How can a text file be converted from ANSI to UTF-

2019-02-16 21:45发布

问题:

I written a program with Delphi 7 which searches *.srt files on a hard drive. This program lists the path and name of these files in a memo. Now I need convert these files from ANSI to UTF-8, but I haven't succeeded.

回答1:

The Utf8Encode function takes a WideString string as parameter and returns a Utf-8 string.

Sample:

procedure ConvertANSIFileToUTF8File(AInputFileName, AOutputFileName: TFileName);
var
  Strings: TStrings;
begin
  Strings := TStringList.Create;
  try
    Strings.LoadFromFile(AInputFileName);
    Strings.Text := UTF8Encode(Strings.Text);
    Strings.SaveToFile(AOutputFileName);
  finally
    Strings.Free;
  end;
end;


回答2:

Take a look at GpTextStream which looks like it works with Delphi 7. It has the ability to read/write unicode files in older versions of Delphi (although does work with Delphi 2009) and should help with your conversion.



回答3:

var
  Latin1Encoding: TEncoding;
begin
  Latin1Encoding := TEncoding.GetEncoding(28591);
  try
       MyTStringList.SaveToFile('some file.txt', Latin1Encoding);
  finally
      Latin1Encoding.Free;
  end;
end;


回答4:

Please read the whole answer before you start coding.
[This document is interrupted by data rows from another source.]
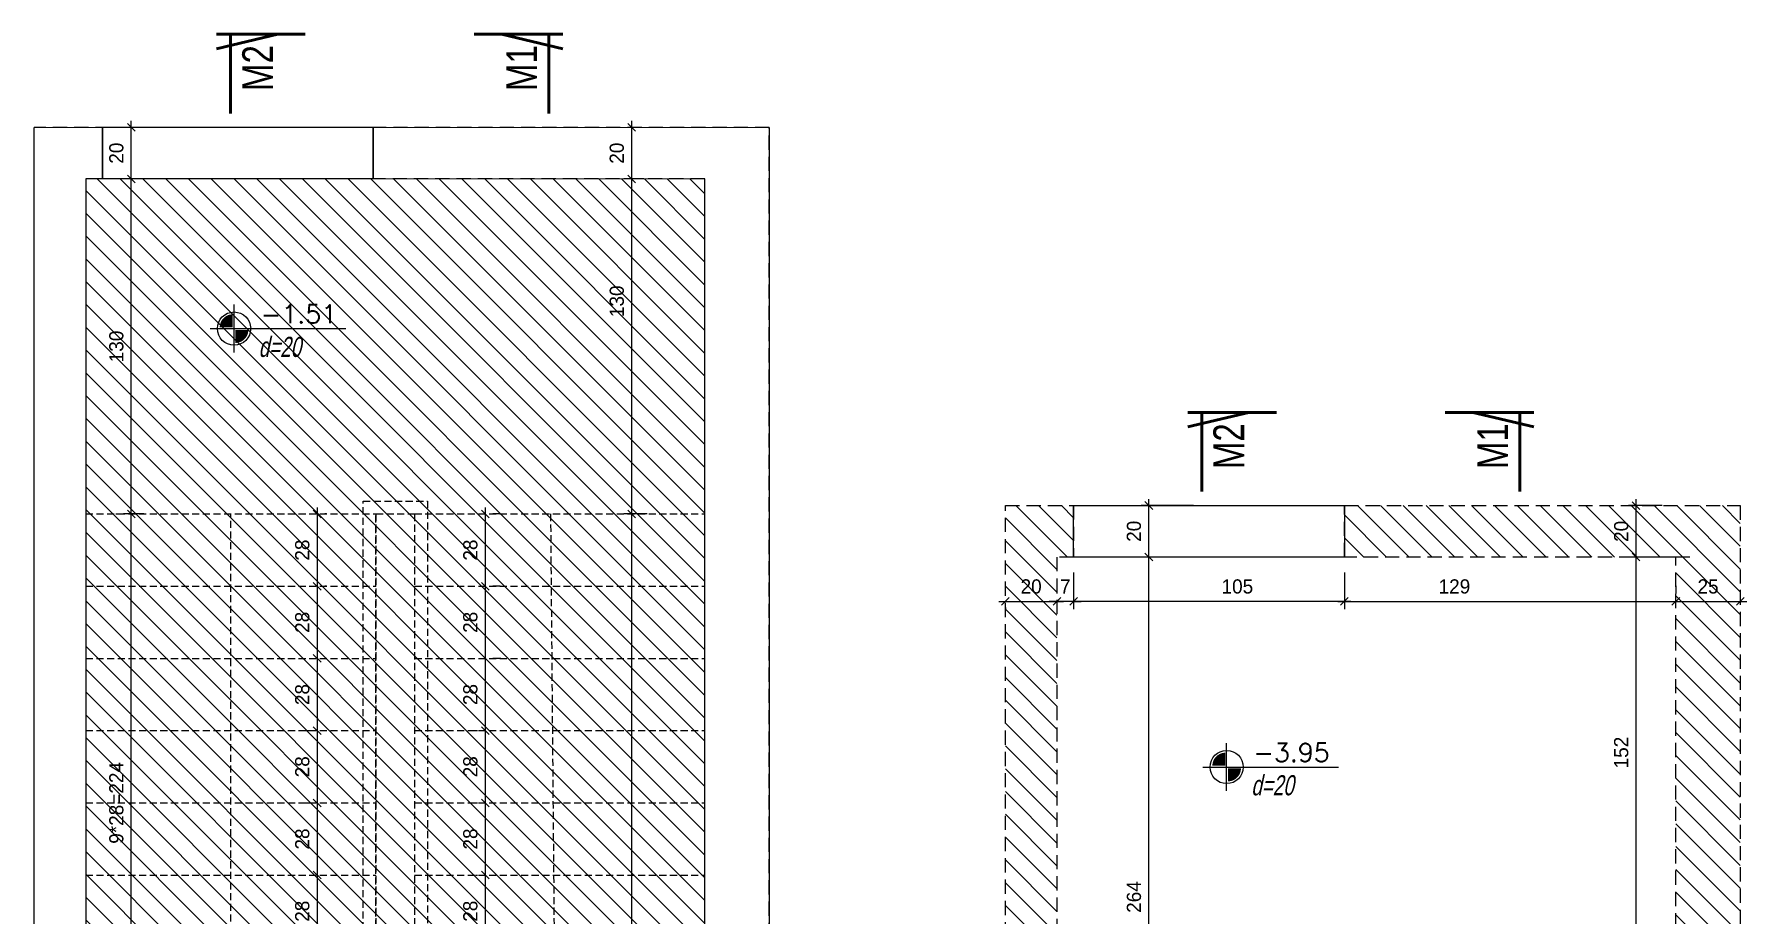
# Model space of a CAD drawing. Header units: inches. Extents: x -5298 to 11252, y 8210 to 22495.
# Drawn here: x 9809 to 10473, y 12898 to 13240 of the extents above; entities that cross this region are included whole.
import ezdxf
from ezdxf.enums import TextEntityAlignment as Align

# ---------------------------------------------------------------- set-up
doc = ezdxf.new("R2010")
doc.units = ezdxf.units.IN
doc.header["$LTSCALE"] = 11
doc.header["$MEASUREMENT"] = 0
doc.linetypes.add('DASHED2', pattern=[0.375, 0.25, -0.125])
doc.linetypes.add('HIDDEN', pattern=[0.375, 0.25, -0.125])
doc.layers.get('Defpoints').update_dxf_attribs({"color": 40})
for name, color, linetype in [('BEAM', 3, 'Continuous'), ('D7', 2, 'Continuous'), ('dim-50-v', 2, 'Continuous'), ('ENG_beton nifsak', 4, 'Continuous'), ('ENG_beton ole', 3, 'DASHED2'), ('HATCH', 8, 'Continuous'), ('V', 1, 'Continuous')]:
    doc.layers.add(name, color=color, linetype=linetype)
doc.layers.add('W', color=1, linetype='Continuous', lineweight=50)
doc.styles.add('AA', font='hebtxt', dxfattribs={"width": 0.8, "oblique": 8})
doc.styles.add('AD', font='oron')
doc.styles.add('HEBTXT', font='hebtxt-weld.shx')
doc.styles.add('ROMANS', font='romans')
doc.dimstyles.new('25', dxfattribs={"dimtxt": 5.5, "dimasz": 3, "dimexe": 3, "dimexo": 6, "dimgap": 3, "dimtad": 1, "dimdec": 0, "dimrnd": 0.5, "dimdsep": 46, "dimtxsty": 'HEBTXT', "dimblk1": 'OBLIQUE', "dimblk2": 'OBLIQUE', "dimsah": 1, "dimcen": 1, "dimdle": 2.5, "dimclre": 9, "dimclrt": 3, "dimadec": 0, "dimazin": 0, "dimtfac": 1, "dimtdec": 0, "dimtix": 1, "dimtmove": 2, "dimatfit": 3, "dimldrblk": 'OBLIQUE', "dimfxl": 1, "dimtolj": 1, "dimarcsym": 0})

# ---------------------------------------------------------------- blocks, each defined once
blk = doc.blocks.new('_OBLIQUE')
at = {"color": 0, "linetype": 'ByBlock'}
blk.add_line((-0.5, -0.5), (0.5, 0.5), dxfattribs=at)
blk = doc.blocks.new('*D273')
at = {"layer": 'Defpoints', "color": 0, "linetype": 'Continuous', "transparency": 16777216}
for p in [(10430.31, 13037.02, 0), (10457.14, 13037.02, 0), (10445.36, 12885.49, 0)]:
    blk.add_point(p, dxfattribs=at)
at = {"layer": 'dim-50-v', "color": 9, "linetype": 'Continuous', "lineweight": -2, "transparency": 16777216}
for p, q in [((10451.14, 13037.02, 0), (10427.31, 13037.02, 0)), ((10439.36, 12885.49, 0), (10427.31, 12885.49, 0))]:
    blk.add_line(p, q, dxfattribs=at)
at = {"layer": 'dim-50-v', "color": 0, "linetype": 'Continuous', "lineweight": -2, "transparency": 16777216}
blk.add_line((10430.31, 12882.99, 0), (10430.31, 13039.52, 0), dxfattribs=at)
at = {"layer": 'dim-50-v', "color": 0, "linetype": 'Continuous', "lineweight": -2, "transparency": 16777216, "xscale": 3, "yscale": 3, "zscale": 3}
for p, rotation in [((10430.31, 13037.02, 0), 90), ((10430.31, 12885.49, 0), 270)]:
    blk.add_blockref('_OBLIQUE', p, dxfattribs=dict(at, rotation=rotation))
at = {"layer": 'dim-50-v', "color": 3, "linetype": 'Continuous', "transparency": 16777216, "insert": (10424.56, 12961.25, 0), "char_height": 5.5, "attachment_point": 5, "rotation": 90, "style": 'HEBTXT'}
blk.add_mtext('\\A1;152', dxfattribs=at)
blk = doc.blocks.new('*D274')
at = {"layer": 'Defpoints', "color": 0, "linetype": 'Continuous', "transparency": 16777216}
for p in [(10241.37, 13037.02, 0), (10268.2, 13037.02, 0), (10252.21, 12773.49, 0)]:
    blk.add_point(p, dxfattribs=at)
at = {"layer": 'dim-50-v', "color": 9, "linetype": 'Continuous', "lineweight": -2, "transparency": 16777216}
for p, q in [((10262.2, 13037.02, 0), (10238.37, 13037.02, 0)), ((10246.21, 12773.49, 0), (10238.37, 12773.49, 0))]:
    blk.add_line(p, q, dxfattribs=at)
at = {"layer": 'dim-50-v', "color": 0, "linetype": 'Continuous', "lineweight": -2, "transparency": 16777216}
blk.add_line((10241.37, 12770.99, 0), (10241.37, 13039.52, 0), dxfattribs=at)
at = {"layer": 'dim-50-v', "color": 0, "linetype": 'Continuous', "lineweight": -2, "transparency": 16777216, "xscale": 3, "yscale": 3, "zscale": 3}
for p, rotation in [((10241.37, 13037.02, 0), 90), ((10241.37, 12773.49, 0), 270)]:
    blk.add_blockref('_OBLIQUE', p, dxfattribs=dict(at, rotation=rotation))
at = {"layer": 'dim-50-v', "color": 3, "linetype": 'Continuous', "transparency": 16777216, "insert": (10235.62, 12905.25, 0), "char_height": 5.5, "attachment_point": 5, "rotation": 90, "style": 'HEBTXT'}
blk.add_mtext('\\A1;264', dxfattribs=at)
blk = doc.blocks.new('*D220')
at = {"layer": 'Defpoints', "color": 0, "linetype": 'Continuous', "transparency": 16777216}
for p in [(10040.83, 13053.74, 0), (10040.83, 13053.74), (10040.83, 12633.73)]:
    blk.add_point(p, dxfattribs=at)
at = {"layer": 'dim-50-v', "color": 0, "linetype": 'Continuous', "lineweight": -2, "transparency": 16777216}
blk.add_line((10040.83, 12631.23), (10040.83, 13056.24), dxfattribs=at)
at = {"layer": 'dim-50-v', "color": 9, "linetype": 'Continuous', "lineweight": -2, "transparency": 16777216}
for p, q in [((10046.83, 13053.74), (10043.83, 13053.74)), ((10046.83, 12633.73), (10043.83, 12633.73))]:
    blk.add_line(p, q, dxfattribs=at)
at = {"layer": 'dim-50-v', "color": 0, "linetype": 'Continuous', "lineweight": -2, "transparency": 16777216, "xscale": 3, "yscale": 3, "zscale": 3}
for p, rotation in [((10040.83, 13053.74), 90), ((10040.83, 12633.73), 270)]:
    blk.add_blockref('_OBLIQUE', p, dxfattribs=dict(at, rotation=rotation))
at = {"layer": 'dim-50-v', "color": 3, "linetype": 'Continuous', "transparency": 16777216, "insert": (10035.08, 12843.74), "char_height": 5.5, "attachment_point": 5, "rotation": 90, "style": 'HEBTXT'}
blk.add_mtext('\\A1;15*28=420', dxfattribs=at)
blk = doc.blocks.new('*D222')
at = {"layer": 'Defpoints', "color": 0, "linetype": 'Continuous', "transparency": 16777216}
for p in [(9846.77, 13053.74, 0), (9846.77, 13053.74), (9846.77, 12829.74, 0)]:
    blk.add_point(p, dxfattribs=at)
at = {"layer": 'dim-50-v', "color": 0, "linetype": 'Continuous', "lineweight": -2, "transparency": 16777216}
blk.add_line((9846.77, 12827.24), (9846.77, 13056.24), dxfattribs=at)
at = {"layer": 'dim-50-v', "color": 9, "linetype": 'Continuous', "lineweight": -2, "transparency": 16777216}
for p, q in [((9840.77, 13053.74), (9843.77, 13053.74)), ((9852.77, 12829.74), (9849.77, 12829.74))]:
    blk.add_line(p, q, dxfattribs=at)
at = {"layer": 'dim-50-v', "color": 0, "linetype": 'Continuous', "lineweight": -2, "transparency": 16777216, "xscale": 3, "yscale": 3, "zscale": 3}
for p, rotation in [((9846.77, 13053.74), 90), ((9846.77, 12829.74), 270)]:
    blk.add_blockref('_OBLIQUE', p, dxfattribs=dict(at, rotation=rotation))
at = {"layer": 'dim-50-v', "color": 3, "linetype": 'Continuous', "transparency": 16777216, "insert": (9841.02, 12941.74), "char_height": 5.5, "attachment_point": 5, "rotation": 90, "style": 'HEBTXT'}
blk.add_mtext('\\A1;9*28=224', dxfattribs=at)
blk = doc.blocks.new('*D229')
at = {"layer": 'Defpoints', "color": 0, "linetype": 'Continuous', "transparency": 16777216}
for p in [(10040.83, 13183.61), (10051.5, 13183.61, 0), (10049.88, 13053.74)]:
    blk.add_point(p, dxfattribs=at)
at = {"layer": 'dim-50-v', "color": 9, "linetype": 'Continuous', "lineweight": -2, "transparency": 16777216}
for p, q in [((10045.5, 13183.61), (10037.83, 13183.61)), ((10043.88, 13053.74), (10037.83, 13053.74))]:
    blk.add_line(p, q, dxfattribs=at)
at = {"layer": 'dim-50-v', "color": 0, "linetype": 'Continuous', "lineweight": -2, "transparency": 16777216}
blk.add_line((10040.83, 13051.24), (10040.83, 13186.11), dxfattribs=at)
at = {"layer": 'dim-50-v', "color": 0, "linetype": 'Continuous', "lineweight": -2, "transparency": 16777216, "xscale": 3, "yscale": 3, "zscale": 3}
for p, rotation in [((10040.83, 13183.61), 90), ((10040.83, 13053.74), 270)]:
    blk.add_blockref('_OBLIQUE', p, dxfattribs=dict(at, rotation=rotation))
at = {"layer": 'dim-50-v', "color": 3, "linetype": 'Continuous', "transparency": 16777216, "insert": (10035.08, 13136.21), "char_height": 5.5, "attachment_point": 5, "rotation": 90, "style": 'HEBTXT'}
blk.add_mtext('\\A1;130', dxfattribs=at)
blk = doc.blocks.new('*D230')
at = {"layer": 'Defpoints', "color": 0, "linetype": 'Continuous', "transparency": 16777216}
for p in [(9846.77, 13183.61), (9863.01, 13183.61, 0), (9857.6, 13053.74, 0)]:
    blk.add_point(p, dxfattribs=at)
at = {"layer": 'dim-50-v', "color": 9, "linetype": 'Continuous', "lineweight": -2, "transparency": 16777216}
for p, q in [((9857.01, 13183.61), (9843.77, 13183.61)), ((9851.6, 13053.74), (9843.77, 13053.74))]:
    blk.add_line(p, q, dxfattribs=at)
at = {"layer": 'dim-50-v', "color": 0, "linetype": 'Continuous', "lineweight": -2, "transparency": 16777216}
blk.add_line((9846.77, 13051.24), (9846.77, 13186.11), dxfattribs=at)
at = {"layer": 'dim-50-v', "color": 0, "linetype": 'Continuous', "lineweight": -2, "transparency": 16777216, "xscale": 3, "yscale": 3, "zscale": 3}
for p, rotation in [((9846.77, 13183.61), 90), ((9846.77, 13053.74), 270)]:
    blk.add_blockref('_OBLIQUE', p, dxfattribs=dict(at, rotation=rotation))
at = {"layer": 'dim-50-v', "color": 3, "linetype": 'Continuous', "transparency": 16777216, "insert": (9841.02, 13118.68), "char_height": 5.5, "attachment_point": 5, "rotation": 90, "style": 'HEBTXT'}
blk.add_mtext('\\A1;130', dxfattribs=at)
blk = doc.blocks.new('*D245')
at = {"layer": 'Defpoints', "color": 0, "linetype": 'Continuous', "transparency": 16777216}
for p in [(9846.77, 13203.61), (9856.83, 13203.61), (9859.75, 13183.61, 0)]:
    blk.add_point(p, dxfattribs=at)
at = {"layer": 'dim-50-v', "color": 9, "linetype": 'Continuous', "lineweight": -2, "transparency": 16777216}
for p, q in [((9850.83, 13203.61), (9843.77, 13203.61)), ((9853.75, 13183.61), (9843.77, 13183.61))]:
    blk.add_line(p, q, dxfattribs=at)
at = {"layer": 'dim-50-v', "color": 0, "linetype": 'Continuous', "lineweight": -2, "transparency": 16777216}
blk.add_line((9846.77, 13181.11), (9846.77, 13206.11), dxfattribs=at)
at = {"layer": 'dim-50-v', "color": 0, "linetype": 'Continuous', "lineweight": -2, "transparency": 16777216, "xscale": 3, "yscale": 3, "zscale": 3}
for p, rotation in [((9846.77, 13203.61), 90), ((9846.77, 13183.61), 270)]:
    blk.add_blockref('_OBLIQUE', p, dxfattribs=dict(at, rotation=rotation))
at = {"layer": 'dim-50-v', "color": 3, "linetype": 'Continuous', "transparency": 16777216, "insert": (9841.02, 13193.61), "char_height": 5.5, "attachment_point": 5, "rotation": 90, "style": 'HEBTXT'}
blk.add_mtext('\\A1;20', dxfattribs=at)
blk = doc.blocks.new('*D377')
at = {"layer": 'Defpoints', "color": 0, "linetype": 'Continuous', "transparency": 16777216}
for p in [(9916.55, 13053.74, 0), (9916.55, 13025.74, 0), (9918.87, 13025.74)]:
    blk.add_point(p, dxfattribs=at)
at = {"layer": 'dim-50-v', "color": 0, "linetype": 'Continuous', "lineweight": -2, "transparency": 16777216}
blk.add_line((9918.87, 13056.24), (9918.87, 13023.24), dxfattribs=at)
at = {"layer": 'dim-50-v', "color": 9, "linetype": 'Continuous', "lineweight": -2, "transparency": 16777216}
for p, q in [((9922.55, 13053.74), (9921.87, 13053.74)), ((9922.55, 13025.74), (9921.87, 13025.74))]:
    blk.add_line(p, q, dxfattribs=at)
at = {"layer": 'dim-50-v', "color": 0, "linetype": 'Continuous', "lineweight": -2, "transparency": 16777216, "xscale": 3, "yscale": 3, "zscale": 3}
for p, rotation in [((9918.87, 13053.74), 90), ((9918.87, 13025.74), 270)]:
    blk.add_blockref('_OBLIQUE', p, dxfattribs=dict(at, rotation=rotation))
at = {"layer": 'dim-50-v', "color": 3, "linetype": 'Continuous', "transparency": 16777216, "insert": (9913.12, 13039.74), "char_height": 5.5, "attachment_point": 5, "rotation": 90, "style": 'HEBTXT'}
blk.add_mtext('\\A1;28', dxfattribs=at)
blk = doc.blocks.new('*D410')
at = {"layer": 'Defpoints', "color": 0, "linetype": 'Continuous', "transparency": 16777216}
for p in [(9916.55, 13025.74, 0), (9916.47, 12997.74, 0), (9918.87, 12997.74)]:
    blk.add_point(p, dxfattribs=at)
at = {"layer": 'dim-50-v', "color": 0, "linetype": 'Continuous', "lineweight": -2, "transparency": 16777216}
blk.add_line((9918.87, 13028.24), (9918.87, 12995.24), dxfattribs=at)
at = {"layer": 'dim-50-v', "color": 9, "linetype": 'Continuous', "lineweight": -2, "transparency": 16777216}
for p, q in [((9922.55, 13025.74), (9921.87, 13025.74)), ((9922.47, 12997.74), (9921.87, 12997.74))]:
    blk.add_line(p, q, dxfattribs=at)
at = {"layer": 'dim-50-v', "color": 0, "linetype": 'Continuous', "lineweight": -2, "transparency": 16777216, "xscale": 3, "yscale": 3, "zscale": 3}
for p, rotation in [((9918.87, 13025.74), 90), ((9918.87, 12997.74), 270)]:
    blk.add_blockref('_OBLIQUE', p, dxfattribs=dict(at, rotation=rotation))
at = {"layer": 'dim-50-v', "color": 3, "linetype": 'Continuous', "transparency": 16777216, "insert": (9913.12, 13011.74), "char_height": 5.5, "attachment_point": 5, "rotation": 90, "style": 'HEBTXT'}
blk.add_mtext('\\A1;28', dxfattribs=at)
blk = doc.blocks.new('*D411')
at = {"layer": 'Defpoints', "color": 0, "linetype": 'Continuous', "transparency": 16777216}
for p in [(9916.47, 12997.74, 0), (9918.87, 12969.74, 0), (9918.87, 12969.74)]:
    blk.add_point(p, dxfattribs=at)
at = {"layer": 'dim-50-v', "color": 0, "linetype": 'Continuous', "lineweight": -2, "transparency": 16777216}
blk.add_line((9918.87, 13000.24), (9918.87, 12967.24), dxfattribs=at)
at = {"layer": 'dim-50-v', "color": 9, "linetype": 'Continuous', "lineweight": -2, "transparency": 16777216}
for p, q in [((9922.47, 12997.74), (9921.87, 12997.74)), ((9912.87, 12969.74), (9915.87, 12969.74))]:
    blk.add_line(p, q, dxfattribs=at)
at = {"layer": 'dim-50-v', "color": 0, "linetype": 'Continuous', "lineweight": -2, "transparency": 16777216, "xscale": 3, "yscale": 3, "zscale": 3}
for p, rotation in [((9918.87, 12997.74), 90), ((9918.87, 12969.74), 270)]:
    blk.add_blockref('_OBLIQUE', p, dxfattribs=dict(at, rotation=rotation))
at = {"layer": 'dim-50-v', "color": 3, "linetype": 'Continuous', "transparency": 16777216, "insert": (9913.12, 12983.74), "char_height": 5.5, "attachment_point": 5, "rotation": 90, "style": 'HEBTXT'}
blk.add_mtext('\\A1;28', dxfattribs=at)
blk = doc.blocks.new('*D412')
at = {"layer": 'Defpoints', "color": 0, "linetype": 'Continuous', "transparency": 16777216}
for p in [(9918.87, 12969.74, 0), (9918.87, 12941.74, 0), (9918.87, 12941.74)]:
    blk.add_point(p, dxfattribs=at)
at = {"layer": 'dim-50-v', "color": 9, "linetype": 'Continuous', "lineweight": -2, "transparency": 16777216}
for p, q in [((9912.87, 12969.74), (9915.87, 12969.74)), ((9912.87, 12941.74), (9915.87, 12941.74))]:
    blk.add_line(p, q, dxfattribs=at)
at = {"layer": 'dim-50-v', "color": 0, "linetype": 'Continuous', "lineweight": -2, "transparency": 16777216}
blk.add_line((9918.87, 12972.24), (9918.87, 12939.24), dxfattribs=at)
at = {"layer": 'dim-50-v', "color": 0, "linetype": 'Continuous', "lineweight": -2, "transparency": 16777216, "xscale": 3, "yscale": 3, "zscale": 3}
for p, rotation in [((9918.87, 12969.74), 90), ((9918.87, 12941.74), 270)]:
    blk.add_blockref('_OBLIQUE', p, dxfattribs=dict(at, rotation=rotation))
at = {"layer": 'dim-50-v', "color": 3, "linetype": 'Continuous', "transparency": 16777216, "insert": (9913.12, 12955.74), "char_height": 5.5, "attachment_point": 5, "rotation": 90, "style": 'HEBTXT'}
blk.add_mtext('\\A1;28', dxfattribs=at)
blk = doc.blocks.new('*D413')
at = {"layer": 'Defpoints', "color": 0, "linetype": 'Continuous', "transparency": 16777216}
for p in [(9918.87, 12941.74, 0), (9914.31, 12913.74, 0), (9918.87, 12913.74)]:
    blk.add_point(p, dxfattribs=at)
at = {"layer": 'dim-50-v', "color": 0, "linetype": 'Continuous', "lineweight": -2, "transparency": 16777216}
blk.add_line((9918.87, 12944.24), (9918.87, 12911.24), dxfattribs=at)
at = {"layer": 'dim-50-v', "color": 9, "linetype": 'Continuous', "lineweight": -2, "transparency": 16777216}
for p, q in [((9912.87, 12941.74), (9915.87, 12941.74)), ((9920.31, 12913.74), (9921.87, 12913.74))]:
    blk.add_line(p, q, dxfattribs=at)
at = {"layer": 'dim-50-v', "color": 0, "linetype": 'Continuous', "lineweight": -2, "transparency": 16777216, "xscale": 3, "yscale": 3, "zscale": 3}
for p, rotation in [((9918.87, 12941.74), 90), ((9918.87, 12913.74), 270)]:
    blk.add_blockref('_OBLIQUE', p, dxfattribs=dict(at, rotation=rotation))
at = {"layer": 'dim-50-v', "color": 3, "linetype": 'Continuous', "transparency": 16777216, "insert": (9913.12, 12927.74), "char_height": 5.5, "attachment_point": 5, "rotation": 90, "style": 'HEBTXT'}
blk.add_mtext('\\A1;28', dxfattribs=at)
blk = doc.blocks.new('*D414')
at = {"layer": 'Defpoints', "color": 0, "linetype": 'Continuous', "transparency": 16777216}
for p in [(9914.31, 12913.74, 0), (9911, 12885.74, 0), (9918.87, 12885.74)]:
    blk.add_point(p, dxfattribs=at)
at = {"layer": 'dim-50-v', "color": 0, "linetype": 'Continuous', "lineweight": -2, "transparency": 16777216}
blk.add_line((9918.87, 12916.24), (9918.87, 12883.24), dxfattribs=at)
at = {"layer": 'dim-50-v', "color": 9, "linetype": 'Continuous', "lineweight": -2, "transparency": 16777216}
for p, q in [((9920.31, 12913.74), (9921.87, 12913.74)), ((9917, 12885.74), (9921.87, 12885.74))]:
    blk.add_line(p, q, dxfattribs=at)
at = {"layer": 'dim-50-v', "color": 0, "linetype": 'Continuous', "lineweight": -2, "transparency": 16777216, "xscale": 3, "yscale": 3, "zscale": 3}
for p, rotation in [((9918.87, 12913.74), 90), ((9918.87, 12885.74), 270)]:
    blk.add_blockref('_OBLIQUE', p, dxfattribs=dict(at, rotation=rotation))
at = {"layer": 'dim-50-v', "color": 3, "linetype": 'Continuous', "transparency": 16777216, "insert": (9913.12, 12899.74), "char_height": 5.5, "attachment_point": 5, "rotation": 90, "style": 'HEBTXT'}
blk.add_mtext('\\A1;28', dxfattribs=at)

The proper answer to question - and it is not the easy one - basically consist of tree steps:

  1. You have to determine the ANSI code page used on your computer. You can achieve this goal by using the GetACP() function from Windows API. (Important: you have to retrieve the codepage as soon as possible after the file name retrieval, because it can be changed by the user.)
  2. You must convert your ANSI string to Unicode by calling MultiByteToWideChar() Windows API function with the correct CodePage parameter (retrieved in the previous step). After this step you have an UTF-16 string (practically a WideString) containing the file name list.
  3. You have to convert the Unicode string to UTF-8 using UTF8Encode() or the WideCharToMultiByte() Windows API. This function will return an UTF-8 string you needed.

However this solution will return an UTF-8 string containing the input ANSI string, this probably is not the best way to solve your problems, since the file names may already be corrupted when the ANSI functions returned them, so proper file names are not guaranteed.


The proper solution to your problem is ways more complicated:

If you want to be sure that your file name list is exactly clean, you have to make sure it won't get converted to ANSI at all. You can do this by explicitly using the "W" version of the file handling API's. In this case - of course - you can not use TFileStream and other ANSI file handling objects, but the Windows API calls directly.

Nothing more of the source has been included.